She's out of a relationship that was bad for her, let sleeping dogs lie.
Envious I don't mind being called 'guy' at all smile

Envious Mon 16-Oct-17 19:11:49

I was in contact today and she's been reading the comments and hasn't done anything. She did a lot of thinking and actually told me when they broke up she looked at him and realized she didn't have that strong attraction and felt she saw him in real light for the bully he was. I think it's made her strong and she can look to the future. I told her we can celebrate someway do something fun. Thanks guys! Sorry about the guys but it's a American habit.grin

1974cookie Mon 16-Oct-17 17:38:45

Definitely, definitely warn your dear Daughter, Envious, not to contact this "man", and I use the term loosely.
I was in a controlling relationship years ago until I saw the light and ended it. I nearly ended up contacting him after he sent me a nasty, abusive letter, to ask him why he had sent it, but Thank Goodness for a wise Friend who was able to see what would have happened had I contacted him, and persuaded me to ignore him. Best advice ever, and I got over that letter realising that what he was doing was trying to reel me back into his web. Yes, it was hard because I ( falsely, I later realised ) blamed myself. Don't let your Daughter fall into that trap, and get her to read these answers. We are all rooting for her. ???.

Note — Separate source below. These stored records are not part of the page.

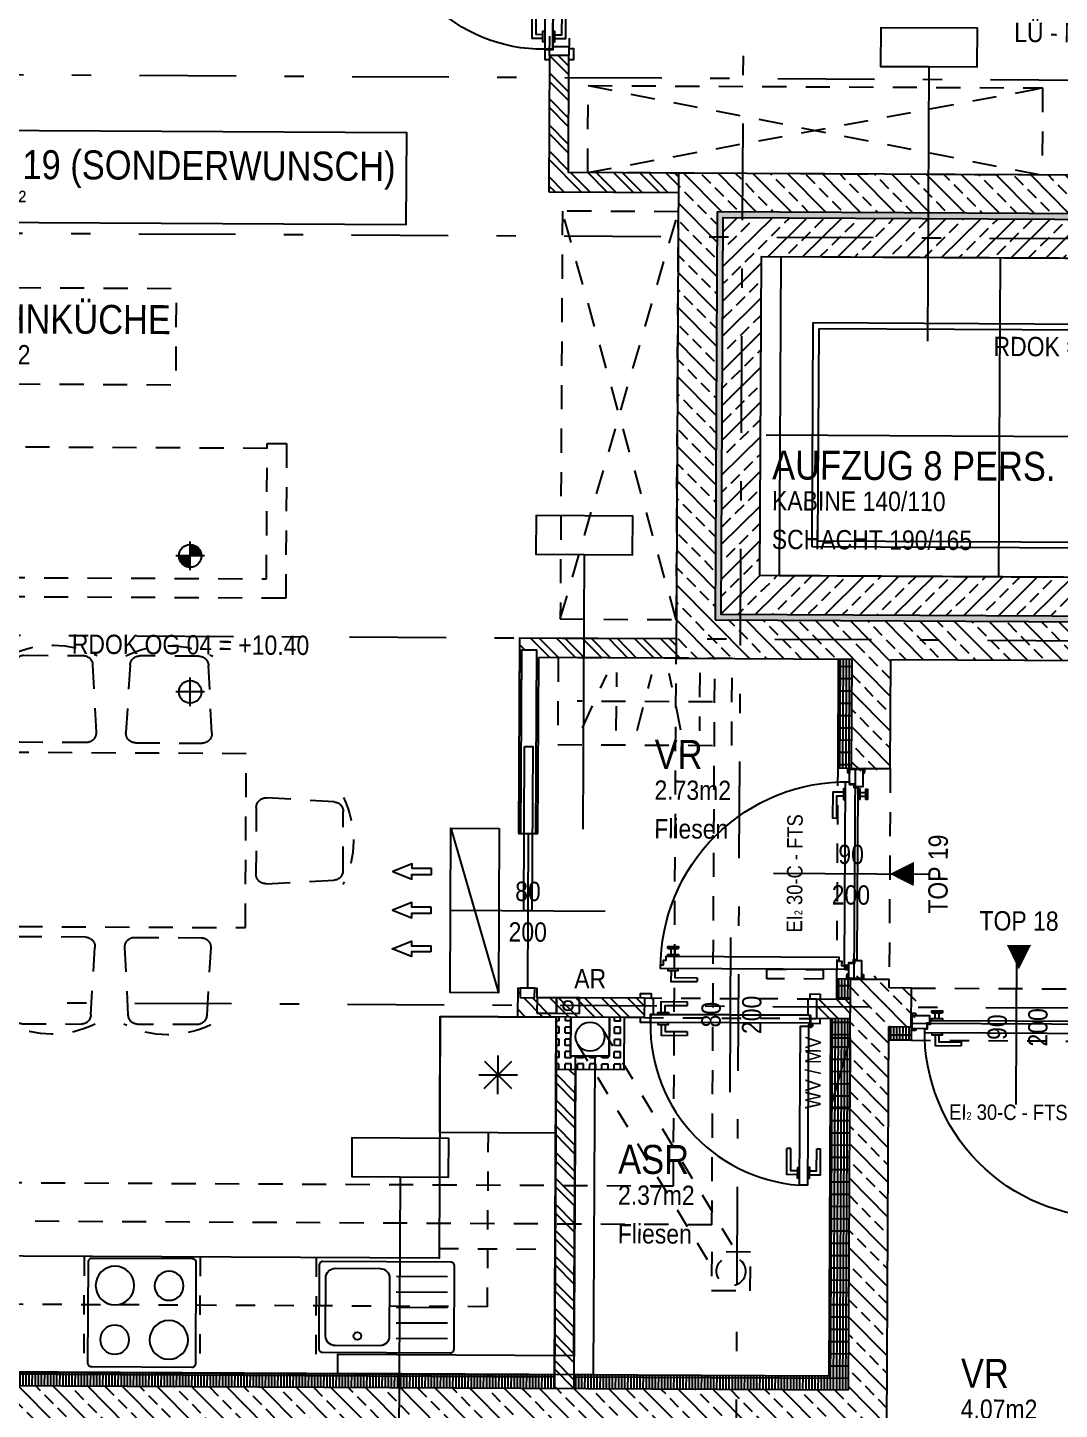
# Model space of a CAD drawing. Header units: millimetres. Extents: x 2821 to 2886, y 1688 to 1792.
# Drawn here: x 2828.54 to 2833.88, y 1750.84 to 1757.99 of the extents above; entities that cross this region are included whole.
import ezdxf
from ezdxf.enums import TextEntityAlignment as Align

# ---------------------------------------------------------------- set-up
doc = ezdxf.new("R2010")
doc.units = ezdxf.units.MM
for name, pattern in [('HIDDEN', [0.375, 0.25, -0.125]), ('HIDDEN2', [0.1875, 0.125, -0.0625]), ('STRICHPUNKT', [1, 0.5, -0.25, 0, -0.25])]:
    doc.linetypes.add(name, pattern=pattern)
for name, color, linetype in [('00-AUF---------M0', 8, 'Continuous'), ('01-ANS-G00-L04-M0', 8, 'Continuous'), ('01-SYM-G00-L04-M0', 8, 'Continuous'), ('01-TXT---------M0', 1, 'Continuous'), ('01-TXT---------PP', 1, 'Continuous'), ('01-TXT-G00-L04-M0', 1, 'Continuous'), ('02-AXO-G00-L04-M0', 8, 'STRICHPUNKT'), ('02-DIM-G00-L04-ROHBAU', 8, 'Continuous'), ('02-FIL-G00-L04-LILA', 223, 'Continuous'), ('02-FIL-G00-L04-ORANGE', 40, 'Continuous'), ('02-FIL-G00-L04-STB', 8, 'Continuous'), ('02-HID---------M0', 8, 'HIDDEN2'), ('02-HID-G00-L04-M0', 8, 'HIDDEN2'), ('02-TWA---------M0', 4, 'Continuous'), ('02-TWA-G00-L04-M0', 4, 'Continuous'), ('02-ZWA---------M0', 2, 'Continuous'), ('02-ZWA-G00-L04-M0', 2, 'Continuous'), ('03-ANS-G00-L04-M0', 8, 'Continuous'), ('03-HID-G00-L04-M0', 8, 'HIDDEN2'), ('03-SYM-G00-L04-M0', 8, 'Continuous'), ('05-STO---------M0', 1, 'Continuous'), ('05-STO--------M0', 1, 'Continuous'), ('05-SYM---------M0', 8, 'Continuous'), ('05-SYM--------M0', 8, 'Continuous'), ('05-SYM-G00-L04-M0', 8, 'Continuous'), ('05-TXT--------M0', 8, 'Continuous'), ('05-TXT-G00-L04-M0', 8, 'Continuous'), ('06-SYM-G00-L04-M0', 8, 'Continuous'), ('07-SAN---------M0', 8, 'Continuous'), ('07-SAN-G00-L04-FBHZG-EVERT', 8, 'Continuous'), ('07-SAN-G00-L04-KLIMA', 8, 'Continuous'), ('07-SAN-G00-L04-Küche', 8, 'Continuous'), ('07-SAN-G00-L04-M0', 8, 'Continuous')]:
    doc.layers.add(name, color=color, linetype=linetype)
for name, color, linetype, plot in [('00_HLP---------M0', 6, 'Continuous', False), ('00_HLP-G00-L04-M0', 6, 'Continuous', False), ('05_HLP---------M0', 6, 'Continuous', False), ('07_MOB-G00-L04-M0', 6, 'HIDDEN2', False)]:
    doc.layers.add(name, color=color, linetype=linetype, plot=plot)
doc.styles.add('ARIAL', font='arial.ttf', dxfattribs={"width": 0.85})
doc.dimstyles.new('pp chromy&schneider', dxfattribs={"dimscale": 0.005, "dimtxt": 25, "dimasz": 10, "dimexe": 0, "dimexo": 0, "dimgap": 5, "dimtad": 1, "dimdec": 1, "dimlfac": 100, "dimrnd": 0.1, "dimzin": 9, "dimdsep": 46, "dimtxsty": 'ARIAL', "dimblk": 'c&s kote', "dimcen": 0, "dimse1": 1, "dimse2": 1, "dimclrd": 8, "dimclrt": 8, "dimadec": 0, "dimazin": 0, "dimtfac": 0.75, "dimtdec": 1, "dimtix": 1, "dimtmove": 2, "dimatfit": 0, "dimldrblk": 'NONE', "dimfxl": 1, "dimtolj": 1, "dimlwd": -1, "dimarcsym": 0})
pattern_1 = [(89.70755, (2799.240151, 1705.959677), (-0.015874793, 8.10293e-05), []), (179.70755, (2799.24015, 1705.95968), (-0.00032412, -0.06349917), [])]
pattern_2 = [(134.70755, (2799.24015, 1705.95968), (-0.06769482, -0.06700727), []), (134.70755, (2799.24038, 1706.00458), (-0.06769482, -0.06700727), [])]
pattern_3 = [(134.70755, (2799.24015, 1705.95968), (-0.09025976, -0.08934302), []), (134.70755, (2799.24061, 1706.04948), (-0.09025976, -0.08934302), [0.0635, -0.03175])]

# ---------------------------------------------------------------- blocks, each defined once
blk = doc.blocks.new('05-TXT')
at = {"layer": '05-TXT--------M0'}
blk.add_line((-0.4, 0), (0.4, 0), dxfattribs=at)
at = {"layer": '05-TXT--------M0', "color": 8, "style": 'ARIAL', "width": 0.85}
blk.add_attdef('BREITE', text='', height=0.1, dxfattribs=at).set_placement((0, 0.05), align=Align.CENTER)
blk.add_attdef('HÖHE', text='', height=0.1, rotation=360, dxfattribs=at).set_placement((0, -0.06), align=Align.TOP_CENTER)
blk = doc.blocks.new('LIFT')
at = {"layer": '00-AUF---------M0'}
for p, q in [((1.5, 1.73), (0.34, 1.73)), ((0.34, 1.73), (0.34, 0.3)), ((1.5, 0.3), (1.5, 1.73)), ((1.47, 1.7), (0.37, 1.7)), ((0.37, 1.7), (0.37, 0.3)), ((1.47, 0.3), (1.47, 1.7))]:
    blk.add_line(p, q, dxfattribs=at)
for points in [[(0.34, 0.3), (0.544, 0.3), (0.544, 0.29)], [(1.5, 0.3), (1.444, 0.3), (1.444, 0.19)]]:
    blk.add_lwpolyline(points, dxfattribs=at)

Coconut Mon 16-Oct-17 13:30:11

Yes, would not be good to open any line of communication again. However, her angst has to go somewhere. My friend in similar circumstances anonymously sent her ex leaflets on alcoholism plus anger management issues and how to get help with them ! That helped her immensely just picturing his face when they arrived.

tigger Mon 16-Oct-17 13:07:00

Perhaps she didn't tell him the truth because she was scared of his bad temper erupting. Yes she's let him off the hook, but he cannot be oblivious to his temper issues.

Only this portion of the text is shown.